I was born and raised in a small town in rural Ethiopia.
I come from a family of 8 – 3 boys and 5 girls. I am the 7th child, the youngest daughter. My parents never went to school but my dad learned how to read and write through church. My father was hard-working and he was only 12 years old when he moved to start a life on his own in a city near his village. He worked in various jobs and started a family with my mother when he was 24 years old. Later he became the owner of a small motel and was respected in his community and made a very good life for us.
My dad believed in education and made sure that all his children went to school. He was a very proud dad and we all had admired and respected him.
As an adolescent girl, I will never forget the experience having my first period. I was shocked and confused; my mother and my 4 sisters had not told me anything about periods. What girls overhear from grown-ups was that girls have their periods because they are being bad and therefore are ready to be married.
With all the myths and misinformation, I wanted to hide so that no one would know what was happening. I was confused, depressed, and isolated until my friends and I realized we were all experiencing the same thing. We would use pieces of old clothing as pads and make sure to bring large scarves to cover ourselves if we stained our clothes by accident. The other challenges were irregular periods, cramps, and all the questions that I wanted someone to answer but never dared to ask.
Then I had an opportunity to come to the U.S. for school and remembered my first visit to the drug store with its overwhelming choice of sanitary pads. From that moment on, month after month, I wondered about the girls back home. Were things changing for them too?
I got my chemical engineering degree from P&V University in 1992. I promised my Father that I would return home after my education, so I started to visit Ethiopia once it was safe (after the communist (Dergue) regime fell). During my visits, I wanted to know if anything had changed for adolescent girls and women dealing with periods since I left the country.
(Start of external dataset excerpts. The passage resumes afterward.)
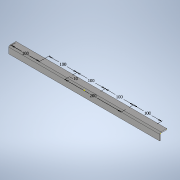
# Autodesk Inventor part: SP33V1 Tope Base
Saved by Autodesk Inventor 2021.2 (Build 252289000, 289)
## iProperties
Created: 2026-08-18
Part Number: SP33V1 Tope Base
Material: Generic
Document SubType Name: Sheet Metal
Designer: nelso
Density: 1 g/cm^3
Sheet Metal Rule: Default_mm
Appearance: Default
Author: nelso
Autodesk Inventor part; units mm, degrees
ref_plane "YZ Plane" through (0, 0, 0) normal (1, 0, 0) x (0, 1, 0)
ref_plane "XZ Plane" through (0, 0, 0) normal (0, 1, 0) x (-1, 0, 0)
ref_plane "XY Plane" through (0, 0, 0) normal (0, 0, 1) x (1, 0, 0)
sketch "Sketch1" plane through (0, 0, 0) normal (0, 1, 0) x (-1, 0, 0)
  line L0 (-267.5, 12.7) -> (267.5, 12.7)
  line L1 (267.5, 12.7) -> (267.5, -12.7)
  line L2 (267.5, -12.7) -> (-267.5, -12.7)
  line L3 (-267.5, -12.7) -> (-267.5, 12.7)
  line L4 (-267.5, 12.7) -> (267.5, -12.7) construction
  line L5 (267.5, 12.7) -> (-267.5, -12.7) construction
  point P0 (0, 0)
  dimension "d0" = 535
  dimension "d1" = 25.4
  measures "d0" distance of L1.end L2.end
  measures "d1" distance of L0.end L1.end
extrude "Plate1" add sketch "Sketch1" along normal blind 3.2
sketch "Sketch2" plane through (267.5, 0, 9.5) normal (0, 0, 1) x (1, 0, 0)
  line L0 (-535, 0) -> (0, 0)
  line L1 (0, 0) -> (0, 25.4)
  line L2 (0, 25.4) -> (-535, 25.4)
  line L3 (-535, 25.4) -> (-535, 0)
  constraints: 6 end point, 1 horizontal, 1 perpendicular, 1 vertical
edge flange "Flange1" height 25.4 angle 90 thickness 3.2 bend radius 1.516 thickness toward (0, 0, 1) relief straight relief width 3.2 relief depth 1.6 edges at (0, 3.2, 12.7) wall of the first edge with corners at (-267.5, 0, 9.5) (267.5, 0, 9.5) (267.5, 25.4, 9.5) (-267.5, 25.4, 9.5)
bend "Bend1"
corner "Corner1"
equation "\"d2\" = Thickness"
equation "\"d3\" = BendReliefWidth"
equation "\"d4\" = BendReliefDepth"
equation "\"d5\" = MinimumRemnant"
equation "\"d6\" = TransitionRadius"
equation "\"d9\" = BendRadius"
equation "\"d10\" = CornerReliefSize"
equation "\"d11\" = GapSize"
equation "\"d12\" = JacobiRadiusSize"
equation "\"BendReliefWidth\" = Thickness"
equation "\"BendReliefDepth\" = 0.5 * Thickness"
equation "\"CornerReliefSize\" = 4 * Thickness"
equation "\"MinimumRemnant\" = 2 * Thickness"
equation "\"TransitionRadius\" = BendRadius"
equation "\"JacobiRadiusSize\" = BendRadius"
equation "\"GapSize\" = Thickness"
equation "\"Thickness\" = 3.2"
equation "\"BendRadius\" = 1.516"
body "Solid1"
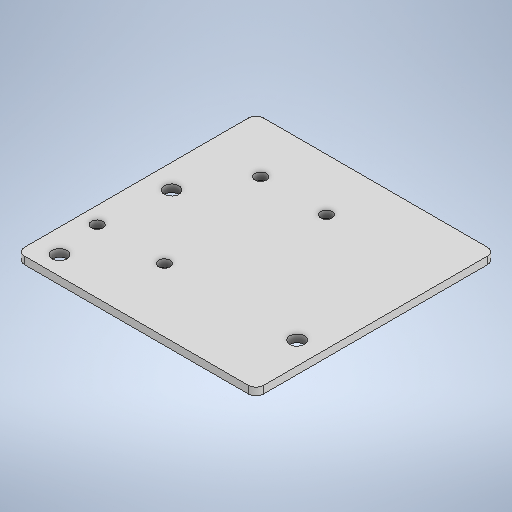
# Autodesk Inventor part: Nissan_Moter_Mount_Passenger
Saved by Autodesk Inventor 2025.1 (Build 291241000, 241)
## iProperties
Created: 2025-02-12
Part Number: Nissan_Moter_Mount_Passenger
Material: Generic
Document SubType Name: Modeling
Designer: robotics
Density: 1 g/cm^3
Appearance: Default
Author: robotics
Autodesk Inventor part; units mm, degrees
ref_plane "YZ Plane" through (0, 0, 0) normal (1, 0, 0) x (0, 1, 0)
ref_plane "XZ Plane" through (0, 0, 0) normal (0, 1, 0) x (-1, 0, 0)
ref_plane "XY Plane" through (0, 0, 0) normal (0, 0, 1) x (1, 0, 0)
sketch "Sketch1" plane through (0, 0, 0) normal (0, 1, 0) x (-1, 0, 0)
  line L0 (101.6, 101.6) -> (-101.6, 101.6)
  line L1 (-101.6, 101.6) -> (-101.6, -101.6)
  line L2 (-101.6, -101.6) -> (101.6, -101.6)
  line L3 (101.6, -101.6) -> (101.6, 101.6)
  circle A0 centre (81.28, 85.725) radius 6.35
  circle A1 centre (81.28, -9.525) radius 6.35
  circle A2 centre (-82.55, 47.625) radius 6.35
  circle A3 centre (53.1707, -57.15) radius 4.953
  circle A4 centre (-2.7093, -57.15) radius 4.953
  circle A5 centre (87.376, 47.625) radius 4.953
  circle A6 centre (30.226, 47.625) radius 4.953
  point P0 (0, 0)
  dimension "d0" = 203.2
  dimension "d1" = 203.2
  dimension "d2" = 12.7
  dimension "d3" = 15.875
  dimension "d4" = 20.32
  dimension "d6" = 95.25
  dimension "d7" = 12.7
  dimension "d8" = 19.05
  dimension "d9" = 53.975
  dimension "d10" = 9.906
  dimension "d11" = 44.45
  dimension "d12" = 55.88
  dimension "d13" = 9.906
  dimension "d14" = 9.906
  dimension "d15" = 14.224
  dimension "d16" = 9.906
  dimension "d17" = 57.15
  constraints: 8 end point, 7 centre point, 2 parallel, 1 horizontal, 1 perpendicular
  measures "d0" distance of L2.end L0.start
  measures "d1" distance of L1.end L2.end
  measures "d2" diameter of A0
  measures "d3" distance from line of L0 A0.centre
  measures "d4" distance from line of L3 A0.centre
  measures "d6" distance of A1.centre A0.centre
  measures "d7" diameter of A2
  measures "d8" distance from line of L1 A2.centre
  measures "d9" distance from line of L0 A2.centre
  measures "d10" diameter of A3
  measures "d11" distance from line of L2 A3.centre
  measures "d12" distance of A3.centre A4.centre
  measures "d13" diameter of A4
  measures "d14" diameter of A5
  measures "d15" distance from line of L3 A5.centre
  measures "d16" diameter of A6
  measures "d17" distance of A6.centre A5.centre
extrude "Extrusion1" add sketch "Sketch1" along normal blind 6.35
fillet "Fillet1" radius 6.35 4 edges at (-101.6, 3.175, 101.6) (101.6, 3.175, 101.6) (101.6, 3.175, -101.6) (-101.6, 3.175, -101.6)
body "Solid1"

I started by questioning the women in the village and their experience with periods. The stories I heard were shocking – digging a hole and squatting over it for three to five days, or wrapping themselves with strips of cloth. I also noticed that they were uncomfortable talking about it – this is still a taboo subject.
I needed to figure out a solution. I wanted to develop a product that was affordable, reliable, and environmentally friendly. In 2005, I developed a reusable sanitary pads and piloted the product in Kelkel Debri on the edge of Mekelle with a lot of success. In 2006, I got a patent from the science and technology ministry of Ethiopia.
In 2009, I received a loan from the development bank of Ethiopia for 150,000 USD and built a factory on 1500 sq. meters of land. The factory currently employs 42 local women and produces 600,000 sanitary pads and 300,000 underwear per year.
It is my hope that this product will bring dignity to many more girls in Ethiopia.